Dark cutting is predominately caused by low levels of muscle glycogen at slaughter.  While low levels of glycogen can be a result of stress and exercise in the animal pre-slaughter, it can also be an indication of poor nutrition on farm especially due to seasonal variation in pasture quality in grass-fed cattle.  Late season grass-fed cattle can be at being at a greater risk of dark cutting as the change in feed quality affects the muscle glycogen concentration pre-slaughter.

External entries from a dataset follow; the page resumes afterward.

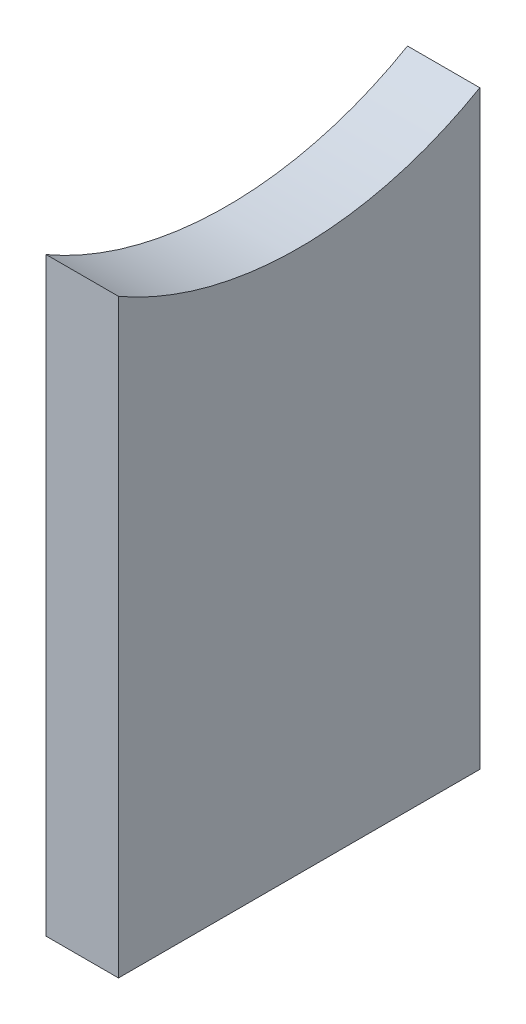
from build123d import *

# Parameters (mm, degrees)
BOSS_EXTRUDE1_DEPTH = 5.08


with BuildPart() as part:
    # Sketch1 → Boss-Extrude1 (new body)
    with BuildSketch(Plane(origin=(0, 0, 0), x_dir=(0, 0, -1), z_dir=(1, 0, 0))):
        with BuildLine():
            Line((0, 0), (25.4, 0))
            Line((25.4, 0), (25.4, 41.502954744))
            ThreePointArc((25.4, 41.502954744), (12.7, 38.1), (0, 41.502954744))
            Line((0, 41.502954744), (0, 0))
        make_face()
    extrude(amount=BOSS_EXTRUDE1_DEPTH)


solid = part.part
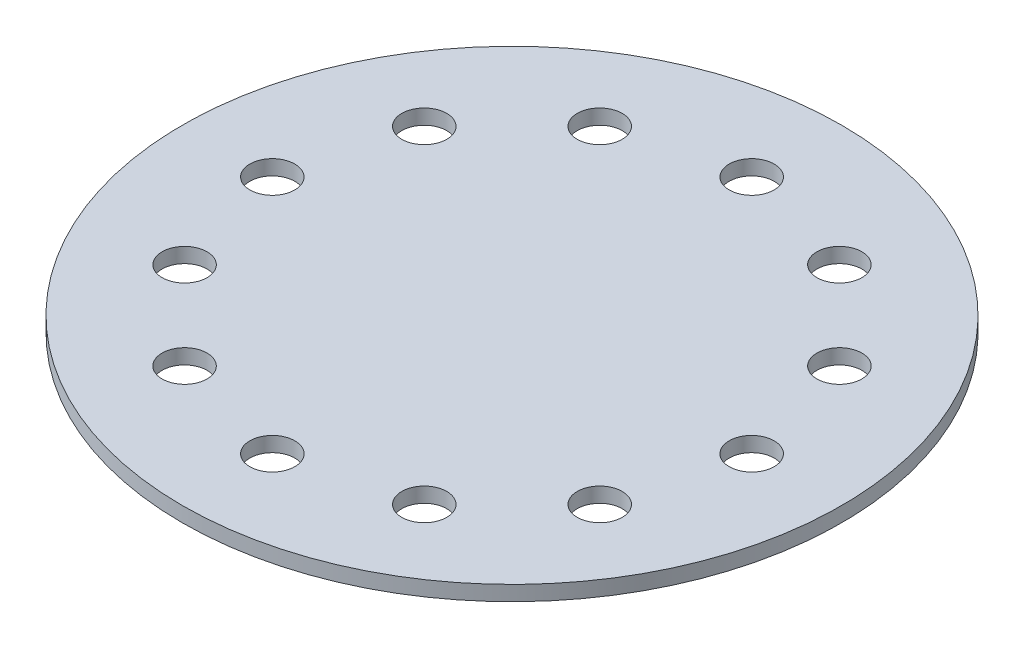
from build123d import *

# Parameters (mm, degrees)
SKETCH1_R           = 22
SKETCH1_R_2         = 1.5
BOSS_EXTRUDE1_DEPTH = 1


with BuildPart() as part:
    # Sketch1 → Boss-Extrude1 (new body)
    with BuildSketch(Plane(origin=(0, 0, 0), x_dir=(1, 0, 0), z_dir=(0, 1, 0))):
        Circle(SKETCH1_R)
        with Locations((0, 16)):
            Circle(SKETCH1_R_2, mode=Mode.SUBTRACT)
        with Locations((8, 13.856406461)):
            Circle(SKETCH1_R_2, mode=Mode.SUBTRACT)
        with Locations((13.856406461, 8)):
            Circle(SKETCH1_R_2, mode=Mode.SUBTRACT)
        with Locations((16, 0)):
            Circle(SKETCH1_R_2, mode=Mode.SUBTRACT)
        with Locations((13.856406461, -8)):
            Circle(SKETCH1_R_2, mode=Mode.SUBTRACT)
        with Locations((8, -13.856406461)):
            Circle(SKETCH1_R_2, mode=Mode.SUBTRACT)
        with Locations((0, -16)):
            Circle(SKETCH1_R_2, mode=Mode.SUBTRACT)
        with Locations((-8, -13.856406461)):
            Circle(SKETCH1_R_2, mode=Mode.SUBTRACT)
        with Locations((-13.856406461, -8)):
            Circle(SKETCH1_R_2, mode=Mode.SUBTRACT)
        with Locations((-16, 0)):
            Circle(SKETCH1_R_2, mode=Mode.SUBTRACT)
        with Locations((-13.856406461, 8)):
            Circle(SKETCH1_R_2, mode=Mode.SUBTRACT)
        with Locations((-8, 13.856406461)):
            Circle(SKETCH1_R_2, mode=Mode.SUBTRACT)
    extrude(amount=BOSS_EXTRUDE1_DEPTH)


solid = part.part
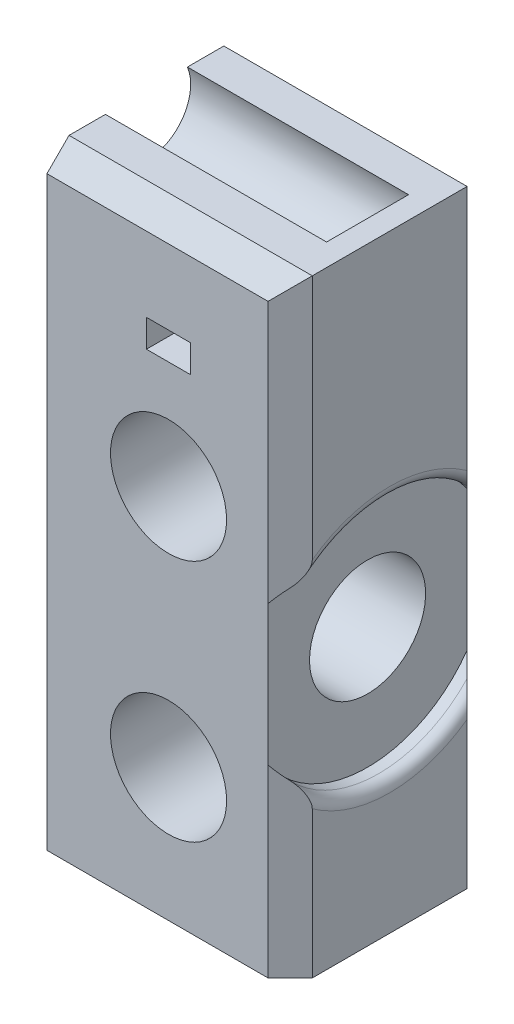
from build123d import *

# Parameters (mm, degrees)
SKETCH1_W           = 22
SKETCH1_H           = 55
SKETCH1_R           = 5.25
SKETCH1_W_2         = 4
SKETCH1_H_2         = 2.5
BOSS_EXTRUDE1_DEPTH = 18
SKETCH2_R           = 5.25
CUT_EXTRUDE1_DEPTH  = 23
SKETCH3_R           = 4
CUT_EXTRUDE2_DEPTH  = 20
CHAMFER1_SIZE       = 2
SKETCH4_R           = 11
CUT_EXTRUDE3_DEPTH  = 2
FILLET1_R           = 1
CHAMFER2_SIZE       = 2


with BuildPart() as part:
    # Sketch1 → Boss-Extrude1 (new body)
    with BuildSketch(Plane.XY):
        with Locations((11, 27.5)):
            Rectangle(SKETCH1_W, SKETCH1_H)
        with Locations((11, 12)):
            Circle(SKETCH1_R, mode=Mode.SUBTRACT)
        with Locations((11, 34)):
            Circle(SKETCH1_R, mode=Mode.SUBTRACT)
        with Locations((11, 45)):
            Rectangle(SKETCH1_W_2, SKETCH1_H_2, mode=Mode.SUBTRACT)
    extrude(amount=-BOSS_EXTRUDE1_DEPTH)

    # Sketch2 → Cut-Extrude1 (cut, through all)
    with BuildSketch(Plane.ZY):
        with Locations((-9, 23)):
            Circle(SKETCH2_R)
    extrude(amount=-CUT_EXTRUDE1_DEPTH, mode=Mode.SUBTRACT)

    # Sketch3 → Cut-Extrude2 (cut)
    with BuildSketch(Plane(origin=(0, 0, 0), x_dir=(0, 0, -1), z_dir=(1, 0, 0))):
        with Locations((9, 53.5)):
            Circle(SKETCH3_R)
    extrude(amount=CUT_EXTRUDE2_DEPTH, mode=Mode.SUBTRACT)

    # Chamfer1
    chamfer1_edges = [part.edges().sort_by_distance(p)[0] for p in [
        (22, 27.5, 0),
        (22, 27.5, -18),
    ]]
    chamfer(chamfer1_edges, length=CHAMFER1_SIZE)

    # Sketch4 → Cut-Extrude3 (cut)
    with BuildSketch(Plane(origin=(22, 0, 0), x_dir=(0, 0, -1), z_dir=(1, 0, 0))):
        with Locations((9, 23)):
            Circle(SKETCH4_R)
    extrude(amount=-CUT_EXTRUDE3_DEPTH, mode=Mode.SUBTRACT)

    # Fillet1
    fillet1_edges = [part.edges().sort_by_distance(p)[0] for p in [
        (22, 34, -9),
        (22, 12, -9),
    ]]
    fillet(fillet1_edges, radius=FILLET1_R)

    # Chamfer2
    chamfer2_edges = [part.edges().sort_by_distance(p)[0] for p in [
        (10, 55, 0),
        (10, 55, -18),
    ]]
    chamfer(chamfer2_edges, length=CHAMFER2_SIZE)


solid = part.part
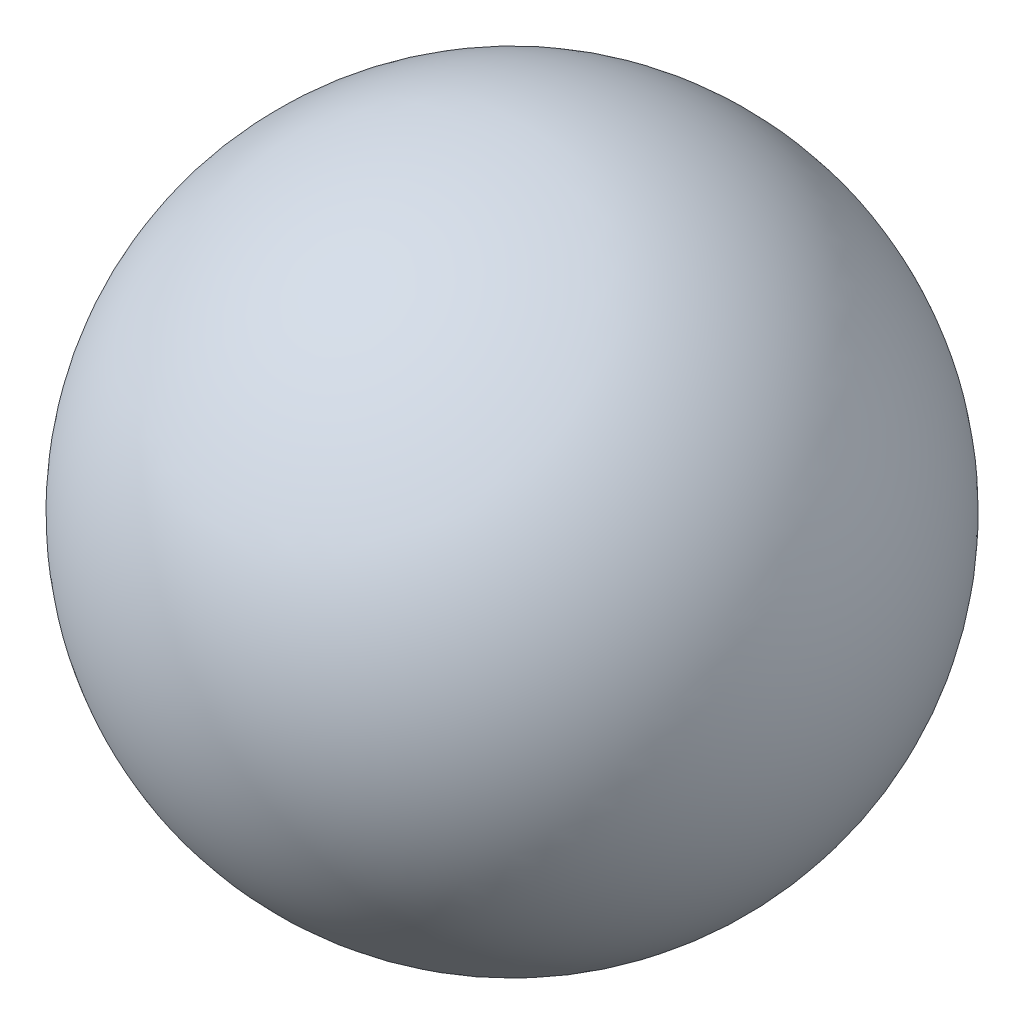
from build123d import *


with BuildPart() as part:
    # Sketch2 → Revolve3 (revolve)
    with BuildSketch(Plane(origin=(0, 0, 0), x_dir=(1, 0, 0), z_dir=(0, 1, 0))):
        with BuildLine():
            Line((0, -1.5875), (0, 1.5875))
            ThreePointArc((0, 1.5875), (1.5875, 0), (0, -1.5875))
        make_face()
    revolve(axis=Axis((0, 0, 1.5875), (0, 0, -1)))


solid = part.part
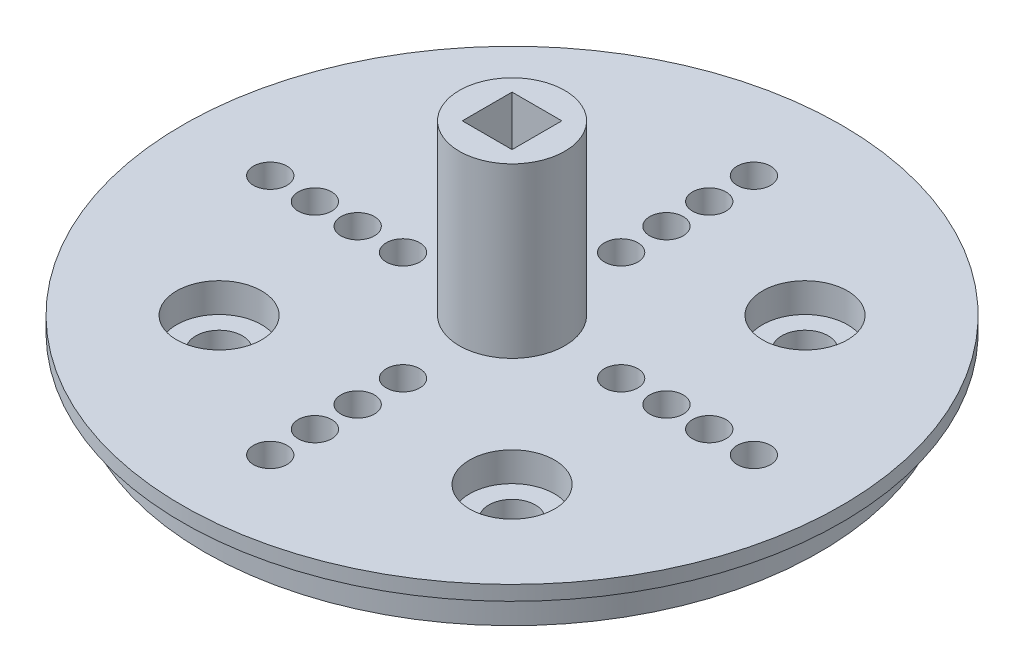
from build123d import *

# Parameters (mm, degrees)
SKETCH2_R           = 21
BOSS_EXTRUDE1_DEPTH = 3.5
SKETCH4_R           = 5.5
SKETCH4_R_2         = 1.143
SKETCH4_R_3         = 1.5875
CUT_EXTRUDE2_DEPTH  = 4.5
SKETCH5_R           = 2.9
CUT_EXTRUDE4_DEPTH  = 2
SKETCH6_W           = 2.148549125
SKETCH6_H           = 1
SKETCH8_R           = 3.6
SKETCH8_W           = 3.4
SKETCH8_H           = 3.4
BOSS_EXTRUDE3_DEPTH = 15
SKETCH7_R           = 6.25
BOSS_EXTRUDE4_DEPTH = 2.5


with BuildPart() as part:
    # Sketch2 → Boss-Extrude1 (new body)
    with BuildSketch(Plane(origin=(0, 0, 0), x_dir=(1, 0, 0), z_dir=(0, 1, 0))):
        Circle(SKETCH2_R)
    extrude(amount=BOSS_EXTRUDE1_DEPTH)

    # Sketch4 → Cut-Extrude2 (cut, through all)
    with BuildSketch(Plane(origin=(0, 3.5, 0), x_dir=(1, 0, 0), z_dir=(0, 1, 0))):
        Circle(SKETCH4_R)
        with Locations((7.445, 0)):
            Circle(SKETCH4_R_2)
        with Locations((10.54, 0)):
            Circle(SKETCH4_R_2)
        with Locations((13.46, 0)):
            Circle(SKETCH4_R_2)
        with Locations((16.51, 0)):
            Circle(SKETCH4_R_2)
        with Locations((10, 10)):
            Circle(SKETCH4_R_3)
        with Locations((0, -7.445)):
            Circle(SKETCH4_R_2)
        with Locations((0, -10.54)):
            Circle(SKETCH4_R_2)
        with Locations((0, -13.46)):
            Circle(SKETCH4_R_2)
        with Locations((0, -16.51)):
            Circle(SKETCH4_R_2)
        with Locations((10, -10)):
            Circle(SKETCH4_R_3)
        with Locations((-7.445, 0)):
            Circle(SKETCH4_R_2)
        with Locations((-10.54, 0)):
            Circle(SKETCH4_R_2)
        with Locations((-13.46, 0)):
            Circle(SKETCH4_R_2)
        with Locations((-16.51, 0)):
            Circle(SKETCH4_R_2)
        with Locations((-10, -10)):
            Circle(SKETCH4_R_3)
        with Locations((0, 7.445)):
            Circle(SKETCH4_R_2)
        with Locations((0, 10.54)):
            Circle(SKETCH4_R_2)
        with Locations((0, 13.46)):
            Circle(SKETCH4_R_2)
        with Locations((0, 16.51)):
            Circle(SKETCH4_R_2)
        with Locations((-10, 10)):
            Circle(SKETCH4_R_3)
    extrude(amount=-CUT_EXTRUDE2_DEPTH, mode=Mode.SUBTRACT)

    # Sketch5 → Cut-Extrude4 (cut)
    with BuildSketch(Plane(origin=(0, 3.5, 0), x_dir=(1, 0, 0), z_dir=(0, 1, 0))):
        with Locations((-10, 10)):
            Circle(SKETCH5_R)
        with Locations((-10, -10)):
            Circle(SKETCH5_R)
        with Locations((10, 10)):
            Circle(SKETCH5_R)
        with Locations((10, -10)):
            Circle(SKETCH5_R)
    extrude(amount=-CUT_EXTRUDE4_DEPTH, mode=Mode.SUBTRACT)

    # Sketch6 → Revolve1 (revolve)
    with BuildSketch(Plane.XY):
        with Locations((-21.425725437, 3)):
            Rectangle(SKETCH6_W, SKETCH6_H)
    revolve(axis=Axis((0, 0, 0), (0, 1, 0)))



with BuildPart() as body_2:
    # Sketch8 → Boss-Extrude3 (new body)
    with BuildSketch(Plane(origin=(0, 0, 0), x_dir=(1, 0, 0), z_dir=(0, 1, 0))):
        Circle(SKETCH8_R)
        Rectangle(SKETCH8_W, SKETCH8_H, mode=Mode.SUBTRACT)
    extrude(amount=BOSS_EXTRUDE3_DEPTH)


with BuildPart() as part_1:
    add(part.part)

    add(body_2.part)  # Boss-Extrude4 merges body 2
    # Sketch7 → Boss-Extrude4 (add)
    with BuildSketch(Plane(origin=(0, 3.5, 0), x_dir=(1, 0, 0), z_dir=(0, 1, 0))):
        Circle(SKETCH7_R)
    extrude(amount=-BOSS_EXTRUDE4_DEPTH)


solid = part_1.part
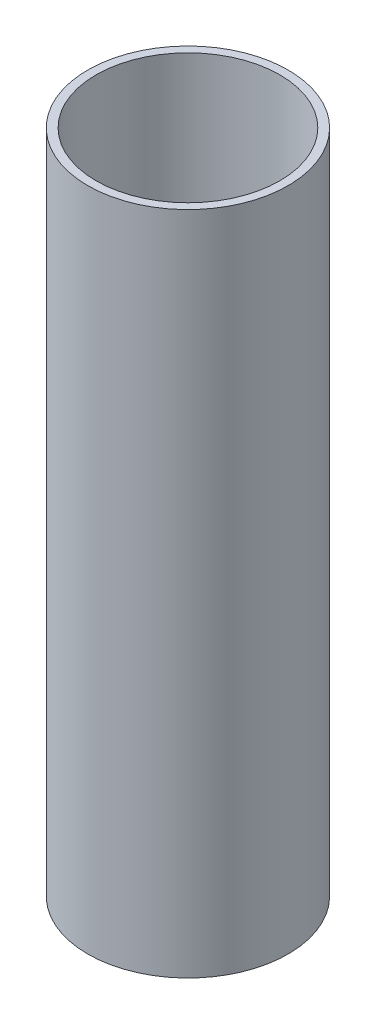
from build123d import *

# Parameters (mm, degrees)
SKETCH1_R           = 38.1
SKETCH1_R_2         = 34.925
BOSS_EXTRUDE1_DEPTH = 253.060427


with BuildPart() as part:
    # Sketch1 → Boss-Extrude1 (new body)
    with BuildSketch(Plane(origin=(0, 0, 0), x_dir=(1, 0, 0), z_dir=(0, 1, 0))):
        Circle(SKETCH1_R)
        Circle(SKETCH1_R_2, mode=Mode.SUBTRACT)
    extrude(amount=BOSS_EXTRUDE1_DEPTH)


solid = part.part
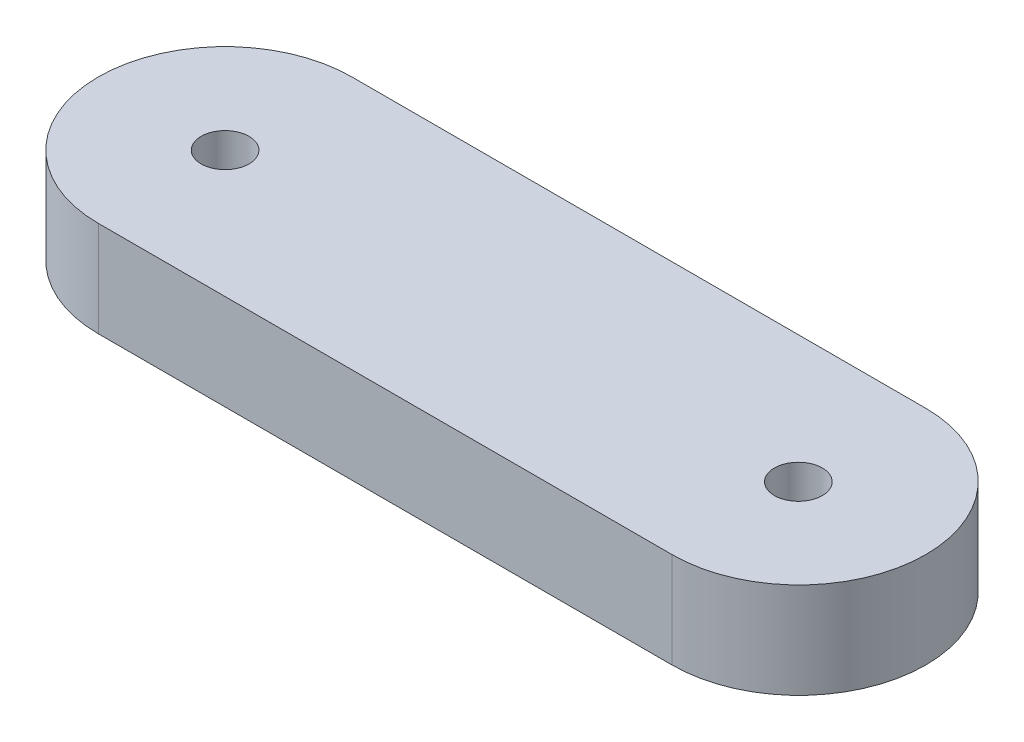
from build123d import *

# Parameters (mm, degrees)
SKETCH_1_R      = 1.501856065
EXTRUDE_1_DEPTH = 6


with BuildPart() as part:
    # Эскиз1 → Бобышка-Вытянуть1 (new body)
    with BuildSketch(Plane(origin=(0, 0, 0), x_dir=(1, 0, 0), z_dir=(0, 1, 0))):
        with BuildLine():
            Line((-16.408851954, 1.855177164), (19.591148045, 1.854908508))
            ThreePointArc((19.591148045, 1.854908508), (27.54533426, -6.099277706), (19.591148045, -14.053463921))
            Line((19.591148045, -14.053463921), (-16.408851954, -14.053463921))
            ThreePointArc((-16.408851954, -14.053463921), (-24.363172497, -6.099143379), (-16.408851954, 1.855177164))
        make_face()
        with Locations((19.591129693, -6.135494448)):
            Circle(SKETCH_1_R, mode=Mode.SUBTRACT)
        with Locations((-16.408851954, -6.099143379)):
            Circle(SKETCH_1_R, mode=Mode.SUBTRACT)
    extrude(amount=EXTRUDE_1_DEPTH)


solid = part.part

Muscle glycogen is directly related to the metabolisable energy intake of the cattle, and glycogen concentration in feedlot cattle is typically higher and less variable than grass-fed cattle.  Research suggests that supplementing grass-fed cattle with a high energy restricted ration will increase muscle glycogen concentration at slaughter.  This may be important for grass-fed cattle producers who are finishing cattle without adequate nutrition.

Adapted from “Nutritional interventions to decrease dark cutting in grass fed cattle.” Cameron G Jose, Kate Loudon, Courtney Martino and Peter McGilchrist, School of Veterinary and Life Sciences, Murdoch University.